Stored items from a collection
=== Section Start ===
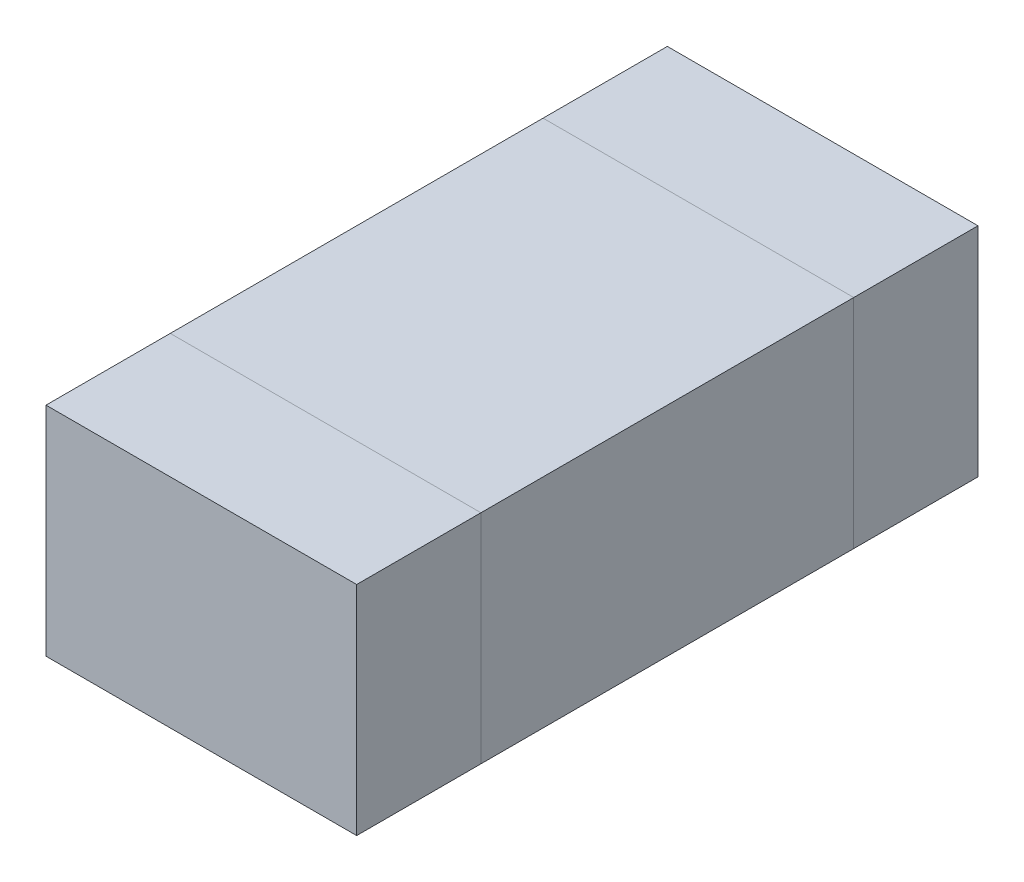
ISO-10303-21;
HEADER;
FILE_DESCRIPTION(('STEP AP214'),'2;1');
FILE_NAME('part.step','',(''),(''),'','','');
FILE_SCHEMA(('AUTOMOTIVE_DESIGN { 1 0 10303 214 1 1 1 1 }'));
ENDSEC;
DATA;
#1=APPLICATION_CONTEXT('core data for automotive mechanical design processes');
#2=APPLICATION_PROTOCOL_DEFINITION('international standard','automotive_design',2000,#1);
#3=PRODUCT_CONTEXT('',#1,'mechanical');
#4=PRODUCT('Part','Part','',(#3));
#5=PRODUCT_RELATED_PRODUCT_CATEGORY('part','',(#4));
#6=PRODUCT_DEFINITION_FORMATION('','',#4);
#7=PRODUCT_DEFINITION_CONTEXT('part definition',#1,'design');
#8=PRODUCT_DEFINITION('design','',#6,#7);
#9=PRODUCT_DEFINITION_SHAPE('','',#8);
#10=(LENGTH_UNIT() NAMED_UNIT(*) SI_UNIT(.MILLI.,.METRE.));
#11=(NAMED_UNIT(*) PLANE_ANGLE_UNIT() SI_UNIT($,.RADIAN.));
#12=(NAMED_UNIT(*) SI_UNIT($,.STERADIAN.) SOLID_ANGLE_UNIT());
#13=UNCERTAINTY_MEASURE_WITH_UNIT(LENGTH_MEASURE(1.E-05),#10,'distance_accuracy_value','');
#14=(GEOMETRIC_REPRESENTATION_CONTEXT(3) GLOBAL_UNCERTAINTY_ASSIGNED_CONTEXT((#13)) GLOBAL_UNIT_ASSIGNED_CONTEXT((#10,
#11,#12)) REPRESENTATION_CONTEXT('',''));
#15=CARTESIAN_POINT('',(0.,0.,0.));
#16=DIRECTION('',(0.,0.,1.));
#17=DIRECTION('',(1.,0.,0.));
#18=AXIS2_PLACEMENT_3D('',#15,#16,#17);
#19=CARTESIAN_POINT('',(-0.25,0.88851648071345,0.5));
#20=DIRECTION('',(0.,0.,1.));
#21=DIRECTION('',(1.,0.,0.));
#22=AXIS2_PLACEMENT_3D('',#19,#20,#21);
#23=PLANE('',#22);
#24=DIRECTION('',(0.,1.,0.));
#25=VECTOR('',#24,1.);
#26=CARTESIAN_POINT('',(-0.25,0.88851648071345,0.5));
#27=LINE('',#26,#25);
#28=CARTESIAN_POINT('',(-0.25,0.,0.5));
#29=VERTEX_POINT('',#28);
#30=CARTESIAN_POINT('',(-0.25,0.35,0.5));
#31=VERTEX_POINT('',#30);
#32=EDGE_CURVE('P0_E20',#29,#31,#27,.T.);
#33=ORIENTED_EDGE('',*,*,#32,.F.);
#34=DIRECTION('',(1.,0.,0.));
#35=VECTOR('',#34,1.);
#36=CARTESIAN_POINT('',(0.,0.,0.5));
#37=LINE('',#36,#35);
#38=CARTESIAN_POINT('',(0.25,0.,0.5));
#39=VERTEX_POINT('',#38);
#40=EDGE_CURVE('P0_E79',#29,#39,#37,.T.);
#41=ORIENTED_EDGE('',*,*,#40,.T.);
#42=DIRECTION('',(0.,1.,0.));
#43=VECTOR('',#42,1.);
#44=CARTESIAN_POINT('',(0.25,0.88851648071345,0.5));
#45=LINE('',#44,#43);
#46=CARTESIAN_POINT('',(0.25,0.35,0.5));
#47=VERTEX_POINT('',#46);
#48=EDGE_CURVE('P0_E68',#47,#39,#45,.F.);
#49=ORIENTED_EDGE('',*,*,#48,.F.);
#50=DIRECTION('',(1.,0.,0.));
#51=VECTOR('',#50,1.);
#52=CARTESIAN_POINT('',(0.,0.35,0.5));
#53=LINE('',#52,#51);
#54=EDGE_CURVE('P0_E56',#31,#47,#53,.T.);
#55=ORIENTED_EDGE('',*,*,#54,.F.);
#56=EDGE_LOOP('',(#33,#41,#49,#55));
#57=FACE_BOUND('',#56,.T.);
#58=ADVANCED_FACE('P0_F17',(#57),#23,.T.);
#59=CARTESIAN_POINT('',(-0.25,0.88851648071345,0.3));
#60=DIRECTION('',(-1.,0.,0.));
#61=DIRECTION('',(0.,0.,1.));
#62=AXIS2_PLACEMENT_3D('',#59,#60,#61);
#63=PLANE('',#62);
#64=DIRECTION('',(0.,1.,0.));
#65=VECTOR('',#64,1.);
#66=CARTESIAN_POINT('',(-0.25,0.88851648071345,0.3));
#67=LINE('',#66,#65);
#68=CARTESIAN_POINT('',(-0.25,0.,0.3));
#69=VERTEX_POINT('',#68);
#70=CARTESIAN_POINT('',(-0.25,0.35,0.3));
#71=VERTEX_POINT('',#70);
#72=EDGE_CURVE('P0_E83',#69,#71,#67,.T.);
#73=ORIENTED_EDGE('',*,*,#72,.F.);
#74=DIRECTION('',(0.,0.,1.));
#75=VECTOR('',#74,1.);
#76=CARTESIAN_POINT('',(-0.25,0.,0.));
#77=LINE('',#76,#75);
#78=EDGE_CURVE('P0_E65',#69,#29,#77,.T.);
#79=ORIENTED_EDGE('',*,*,#78,.T.);
#80=ORIENTED_EDGE('',*,*,#32,.T.);
#81=DIRECTION('',(0.,0.,1.));
#82=VECTOR('',#81,1.);
#83=CARTESIAN_POINT('',(-0.25,0.35,0.));
#84=LINE('',#83,#82);
#85=EDGE_CURVE('P0_E62',#71,#31,#84,.T.);
#86=ORIENTED_EDGE('',*,*,#85,.F.);
#87=EDGE_LOOP('',(#73,#79,#80,#86));
#88=FACE_BOUND('',#87,.T.);
#89=ADVANCED_FACE('P0_F61',(#88),#63,.T.);
#90=CARTESIAN_POINT('',(0.,0.35,0.));
#91=DIRECTION('',(0.,1.,0.));
#92=DIRECTION('',(0.,0.,1.));
#93=AXIS2_PLACEMENT_3D('',#90,#91,#92);
#94=PLANE('',#93);
#95=DIRECTION('',(0.,0.,-1.));
#96=VECTOR('',#95,1.);
#97=CARTESIAN_POINT('',(0.25,0.35,0.3));
#98=LINE('',#97,#96);
#99=CARTESIAN_POINT('',(0.25,0.35,0.3));
#100=VERTEX_POINT('',#99);
#101=EDGE_CURVE('P0_E70',#100,#47,#98,.F.);
#102=ORIENTED_EDGE('',*,*,#101,.F.);
#103=DIRECTION('',(-1.,0.,0.));
#104=VECTOR('',#103,1.);
#105=CARTESIAN_POINT('',(-0.25,0.35,0.3));
#106=LINE('',#105,#104);
#107=EDGE_CURVE('P0_E74',#71,#100,#106,.F.);
#108=ORIENTED_EDGE('',*,*,#107,.F.);
#109=ORIENTED_EDGE('',*,*,#85,.T.);
#110=ORIENTED_EDGE('',*,*,#54,.T.);
#111=EDGE_LOOP('',(#102,#108,#109,#110));
#112=FACE_BOUND('',#111,.T.);
#113=ADVANCED_FACE('P0_F72',(#112),#94,.T.);
#114=CARTESIAN_POINT('',(0.25,0.88851648071345,0.3));
#115=DIRECTION('',(1.,0.,0.));
#116=DIRECTION('',(0.,0.,-1.));
#117=AXIS2_PLACEMENT_3D('',#114,#115,#116);
#118=PLANE('',#117);
#119=ORIENTED_EDGE('',*,*,#48,.T.);
#120=DIRECTION('',(0.,0.,1.));
#121=VECTOR('',#120,1.);
#122=CARTESIAN_POINT('',(0.25,0.,0.));
#123=LINE('',#122,#121);
#124=CARTESIAN_POINT('',(0.25,0.,0.3));
#125=VERTEX_POINT('',#124);
#126=EDGE_CURVE('P0_E35',#39,#125,#123,.F.);
#127=ORIENTED_EDGE('',*,*,#126,.T.);
#128=DIRECTION('',(0.,1.,0.));
#129=VECTOR('',#128,1.);
#130=CARTESIAN_POINT('',(0.25,0.88851648071345,0.3));
#131=LINE('',#130,#129);
#132=EDGE_CURVE('P0_E26',#100,#125,#131,.F.);
#133=ORIENTED_EDGE('',*,*,#132,.F.);
#134=ORIENTED_EDGE('',*,*,#101,.T.);
#135=EDGE_LOOP('',(#119,#127,#133,#134));
#136=FACE_BOUND('',#135,.T.);
#137=ADVANCED_FACE('P0_F89',(#136),#118,.T.);
#138=CARTESIAN_POINT('',(0.,0.,0.));
#139=DIRECTION('',(0.,1.,0.));
#140=DIRECTION('',(0.,0.,1.));
#141=AXIS2_PLACEMENT_3D('',#138,#139,#140);
#142=PLANE('',#141);
#143=DIRECTION('',(-1.,0.,0.));
#144=VECTOR('',#143,1.);
#145=CARTESIAN_POINT('',(-0.25,0.,0.3));
#146=LINE('',#145,#144);
#147=EDGE_CURVE('P0_E11',#125,#69,#146,.T.);
#148=ORIENTED_EDGE('',*,*,#147,.F.);
#149=ORIENTED_EDGE('',*,*,#126,.F.);
#150=ORIENTED_EDGE('',*,*,#40,.F.);
#151=ORIENTED_EDGE('',*,*,#78,.F.);
#152=EDGE_LOOP('',(#148,#149,#150,#151));
#153=FACE_BOUND('',#152,.T.);
#154=ADVANCED_FACE('P0_F91',(#153),#142,.F.);
#155=CARTESIAN_POINT('',(-0.25,0.88851648071345,0.3));
#156=DIRECTION('',(0.,0.,-1.));
#157=DIRECTION('',(-1.,0.,0.));
#158=AXIS2_PLACEMENT_3D('',#155,#156,#157);
#159=PLANE('',#158);
#160=ORIENTED_EDGE('',*,*,#132,.T.);
#161=ORIENTED_EDGE('',*,*,#147,.T.);
#162=ORIENTED_EDGE('',*,*,#72,.T.);
#163=ORIENTED_EDGE('',*,*,#107,.T.);
#164=EDGE_LOOP('',(#160,#161,#162,#163));
#165=FACE_BOUND('',#164,.T.);
#166=ADVANCED_FACE('P0_F88',(#165),#159,.T.);
#167=CLOSED_SHELL('',(#58,#89,#113,#137,#154,#166));
#168=MANIFOLD_SOLID_BREP('P0_B1',#167);
#169=CARTESIAN_POINT('',(-0.25,0.888516480713451,-0.3));
#170=DIRECTION('',(0.,0.,1.));
#171=DIRECTION('',(1.,0.,0.));
#172=AXIS2_PLACEMENT_3D('',#169,#170,#171);
#173=PLANE('',#172);
#174=DIRECTION('',(0.,1.,0.));
#175=VECTOR('',#174,1.);
#176=CARTESIAN_POINT('',(-0.25,0.888516480713451,-0.3));
#177=LINE('',#176,#175);
#178=CARTESIAN_POINT('',(-0.25,0.,-0.3));
#179=VERTEX_POINT('',#178);
#180=CARTESIAN_POINT('',(-0.25,0.35,-0.3));
#181=VERTEX_POINT('',#180);
#182=EDGE_CURVE('P1_E20',#179,#181,#177,.T.);
#183=ORIENTED_EDGE('',*,*,#182,.F.);
#184=DIRECTION('',(1.,0.,0.));
#185=VECTOR('',#184,1.);
#186=CARTESIAN_POINT('',(0.,0.,-0.3));
#187=LINE('',#186,#185);
#188=CARTESIAN_POINT('',(0.25,0.,-0.3));
#189=VERTEX_POINT('',#188);
#190=EDGE_CURVE('P1_E81',#189,#179,#187,.F.);
#191=ORIENTED_EDGE('',*,*,#190,.F.);
#192=DIRECTION('',(0.,1.,0.));
#193=VECTOR('',#192,1.);
#194=CARTESIAN_POINT('',(0.25,0.888516480713451,-0.3));
#195=LINE('',#194,#193);
#196=CARTESIAN_POINT('',(0.25,0.35,-0.3));
#197=VERTEX_POINT('',#196);
#198=EDGE_CURVE('P1_E68',#197,#189,#195,.F.);
#199=ORIENTED_EDGE('',*,*,#198,.F.);
#200=DIRECTION('',(1.,0.,0.));
#201=VECTOR('',#200,1.);
#202=CARTESIAN_POINT('',(0.,0.35,-0.3));
#203=LINE('',#202,#201);
#204=EDGE_CURVE('P1_E55',#181,#197,#203,.T.);
#205=ORIENTED_EDGE('',*,*,#204,.F.);
#206=EDGE_LOOP('',(#183,#191,#199,#205));
#207=FACE_BOUND('',#206,.T.);
#208=ADVANCED_FACE('P1_F17',(#207),#173,.T.);
#209=CARTESIAN_POINT('',(-0.25,0.888516480713451,-0.3));
#210=DIRECTION('',(-1.,0.,0.));
#211=DIRECTION('',(0.,0.,1.));
#212=AXIS2_PLACEMENT_3D('',#209,#210,#211);
#213=PLANE('',#212);
#214=DIRECTION('',(0.,1.,0.));
#215=VECTOR('',#214,1.);
#216=CARTESIAN_POINT('',(-0.25,0.888516480713451,-0.5));
#217=LINE('',#216,#215);
#218=CARTESIAN_POINT('',(-0.25,0.,-0.5));
#219=VERTEX_POINT('',#218);
#220=CARTESIAN_POINT('',(-0.25,0.35,-0.5));
#221=VERTEX_POINT('',#220);
#222=EDGE_CURVE('P1_E83',#219,#221,#217,.T.);
#223=ORIENTED_EDGE('',*,*,#222,.F.);
#224=DIRECTION('',(0.,0.,-1.));
#225=VECTOR('',#224,1.);
#226=CARTESIAN_POINT('',(-0.25,0.,0.));
#227=LINE('',#226,#225);
#228=EDGE_CURVE('P1_E64',#179,#219,#227,.T.);
#229=ORIENTED_EDGE('',*,*,#228,.F.);
#230=ORIENTED_EDGE('',*,*,#182,.T.);
#231=DIRECTION('',(0.,0.,1.));
#232=VECTOR('',#231,1.);
#233=CARTESIAN_POINT('',(-0.25,0.35,0.));
#234=LINE('',#233,#232);
#235=EDGE_CURVE('P1_E61',#221,#181,#234,.T.);
#236=ORIENTED_EDGE('',*,*,#235,.F.);
#237=EDGE_LOOP('',(#223,#229,#230,#236));
#238=FACE_BOUND('',#237,.T.);
#239=ADVANCED_FACE('P1_F60',(#238),#213,.T.);
#240=CARTESIAN_POINT('',(0.,0.35,0.));
#241=DIRECTION('',(0.,1.,0.));
#242=DIRECTION('',(0.,0.,1.));
#243=AXIS2_PLACEMENT_3D('',#240,#241,#242);
#244=PLANE('',#243);
#245=DIRECTION('',(0.,0.,-1.));
#246=VECTOR('',#245,1.);
#247=CARTESIAN_POINT('',(0.25,0.35,-0.3));
#248=LINE('',#247,#246);
#249=CARTESIAN_POINT('',(0.25,0.35,-0.5));
#250=VERTEX_POINT('',#249);
#251=EDGE_CURVE('P1_E70',#250,#197,#248,.F.);
#252=ORIENTED_EDGE('',*,*,#251,.F.);
#253=DIRECTION('',(-1.,0.,0.));
#254=VECTOR('',#253,1.);
#255=CARTESIAN_POINT('',(-0.25,0.35,-0.5));
#256=LINE('',#255,#254);
#257=EDGE_CURVE('P1_E74',#221,#250,#256,.F.);
#258=ORIENTED_EDGE('',*,*,#257,.F.);
#259=ORIENTED_EDGE('',*,*,#235,.T.);
#260=ORIENTED_EDGE('',*,*,#204,.T.);
#261=EDGE_LOOP('',(#252,#258,#259,#260));
#262=FACE_BOUND('',#261,.T.);
#263=ADVANCED_FACE('P1_F72',(#262),#244,.T.);
#264=CARTESIAN_POINT('',(0.25,0.888516480713451,-0.3));
#265=DIRECTION('',(1.,0.,0.));
#266=DIRECTION('',(0.,0.,-1.));
#267=AXIS2_PLACEMENT_3D('',#264,#265,#266);
#268=PLANE('',#267);
#269=ORIENTED_EDGE('',*,*,#198,.T.);
#270=DIRECTION('',(0.,0.,-1.));
#271=VECTOR('',#270,1.);
#272=CARTESIAN_POINT('',(0.25,0.,0.));
#273=LINE('',#272,#271);
#274=CARTESIAN_POINT('',(0.25,0.,-0.5));
#275=VERTEX_POINT('',#274);
#276=EDGE_CURVE('P1_E35',#275,#189,#273,.F.);
#277=ORIENTED_EDGE('',*,*,#276,.F.);
#278=DIRECTION('',(0.,1.,0.));
#279=VECTOR('',#278,1.);
#280=CARTESIAN_POINT('',(0.25,0.888516480713451,-0.5));
#281=LINE('',#280,#279);
#282=EDGE_CURVE('P1_E26',#250,#275,#281,.F.);
#283=ORIENTED_EDGE('',*,*,#282,.F.);
#284=ORIENTED_EDGE('',*,*,#251,.T.);
#285=EDGE_LOOP('',(#269,#277,#283,#284));
#286=FACE_BOUND('',#285,.T.);
#287=ADVANCED_FACE('P1_F89',(#286),#268,.T.);
#288=CARTESIAN_POINT('',(0.,0.,0.));
#289=DIRECTION('',(0.,-1.,0.));
#290=DIRECTION('',(0.,0.,-1.));
#291=AXIS2_PLACEMENT_3D('',#288,#289,#290);
#292=PLANE('',#291);
#293=ORIENTED_EDGE('',*,*,#276,.T.);
#294=ORIENTED_EDGE('',*,*,#190,.T.);
#295=ORIENTED_EDGE('',*,*,#228,.T.);
#296=DIRECTION('',(-1.,0.,0.));
#297=VECTOR('',#296,1.);
#298=CARTESIAN_POINT('',(-0.25,0.,-0.5));
#299=LINE('',#298,#297);
#300=EDGE_CURVE('P1_E11',#275,#219,#299,.T.);
#301=ORIENTED_EDGE('',*,*,#300,.F.);
#302=EDGE_LOOP('',(#293,#294,#295,#301));
#303=FACE_BOUND('',#302,.T.);
#304=ADVANCED_FACE('P1_F91',(#303),#292,.T.);
#305=CARTESIAN_POINT('',(-0.25,0.888516480713451,-0.5));
#306=DIRECTION('',(0.,0.,-1.));
#307=DIRECTION('',(-1.,0.,0.));
#308=AXIS2_PLACEMENT_3D('',#305,#306,#307);
#309=PLANE('',#308);
#310=ORIENTED_EDGE('',*,*,#282,.T.);
#311=ORIENTED_EDGE('',*,*,#300,.T.);
#312=ORIENTED_EDGE('',*,*,#222,.T.);
#313=ORIENTED_EDGE('',*,*,#257,.T.);
#314=EDGE_LOOP('',(#310,#311,#312,#313));
#315=FACE_BOUND('',#314,.T.);
#316=ADVANCED_FACE('P1_F88',(#315),#309,.T.);
#317=CLOSED_SHELL('',(#208,#239,#263,#287,#304,#316));
#318=MANIFOLD_SOLID_BREP('P1_B1',#317);
#319=CARTESIAN_POINT('',(0.,0.,0.));
#320=DIRECTION('',(0.,1.,0.));
#321=DIRECTION('',(0.,0.,1.));
#322=AXIS2_PLACEMENT_3D('',#319,#320,#321);
#323=PLANE('',#322);
#324=DIRECTION('',(-1.,0.,0.));
#325=VECTOR('',#324,1.);
#326=CARTESIAN_POINT('',(-0.25,0.,0.3));
#327=LINE('',#326,#325);
#328=CARTESIAN_POINT('',(0.25,0.,0.3));
#329=VERTEX_POINT('',#328);
#330=CARTESIAN_POINT('',(-0.25,0.,0.3));
#331=VERTEX_POINT('',#330);
#332=EDGE_CURVE('P2_E81',#329,#331,#327,.T.);
#333=ORIENTED_EDGE('',*,*,#332,.T.);
#334=DIRECTION('',(0.,0.,-1.));
#335=VECTOR('',#334,1.);
#336=CARTESIAN_POINT('',(-0.25,0.,-0.3));
#337=LINE('',#336,#335);
#338=CARTESIAN_POINT('',(-0.25,0.,-0.3));
#339=VERTEX_POINT('',#338);
#340=EDGE_CURVE('P2_E68',#331,#339,#337,.T.);
#341=ORIENTED_EDGE('',*,*,#340,.T.);
#342=DIRECTION('',(1.,0.,0.));
#343=VECTOR('',#342,1.);
#344=CARTESIAN_POINT('',(-0.25,0.,-0.3));
#345=LINE('',#344,#343);
#346=CARTESIAN_POINT('',(0.25,0.,-0.3));
#347=VERTEX_POINT('',#346);
#348=EDGE_CURVE('P2_E55',#339,#347,#345,.T.);
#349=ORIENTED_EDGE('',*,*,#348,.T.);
=== Section End ===
Could you return exactly the lines above from the line with "#248=LINE('',#247,#246);" to the line with "#260=ORIENTED_EDGE('',*,*,#204,.T.);", both included, and nothing else?

▶ [TASK RESULT]:
#248=LINE('',#247,#246);
#249=CARTESIAN_POINT('',(0.25,0.35,-0.5));
#250=VERTEX_POINT('',#249);
#251=EDGE_CURVE('P1_E70',#250,#197,#248,.F.);
#252=ORIENTED_EDGE('',*,*,#251,.F.);
#253=DIRECTION('',(-1.,0.,0.));
#254=VECTOR('',#253,1.);
#255=CARTESIAN_POINT('',(-0.25,0.35,-0.5));
#256=LINE('',#255,#254);
#257=EDGE_CURVE('P1_E74',#221,#250,#256,.F.);
#258=ORIENTED_EDGE('',*,*,#257,.F.);
#259=ORIENTED_EDGE('',*,*,#235,.T.);
#260=ORIENTED_EDGE('',*,*,#204,.T.);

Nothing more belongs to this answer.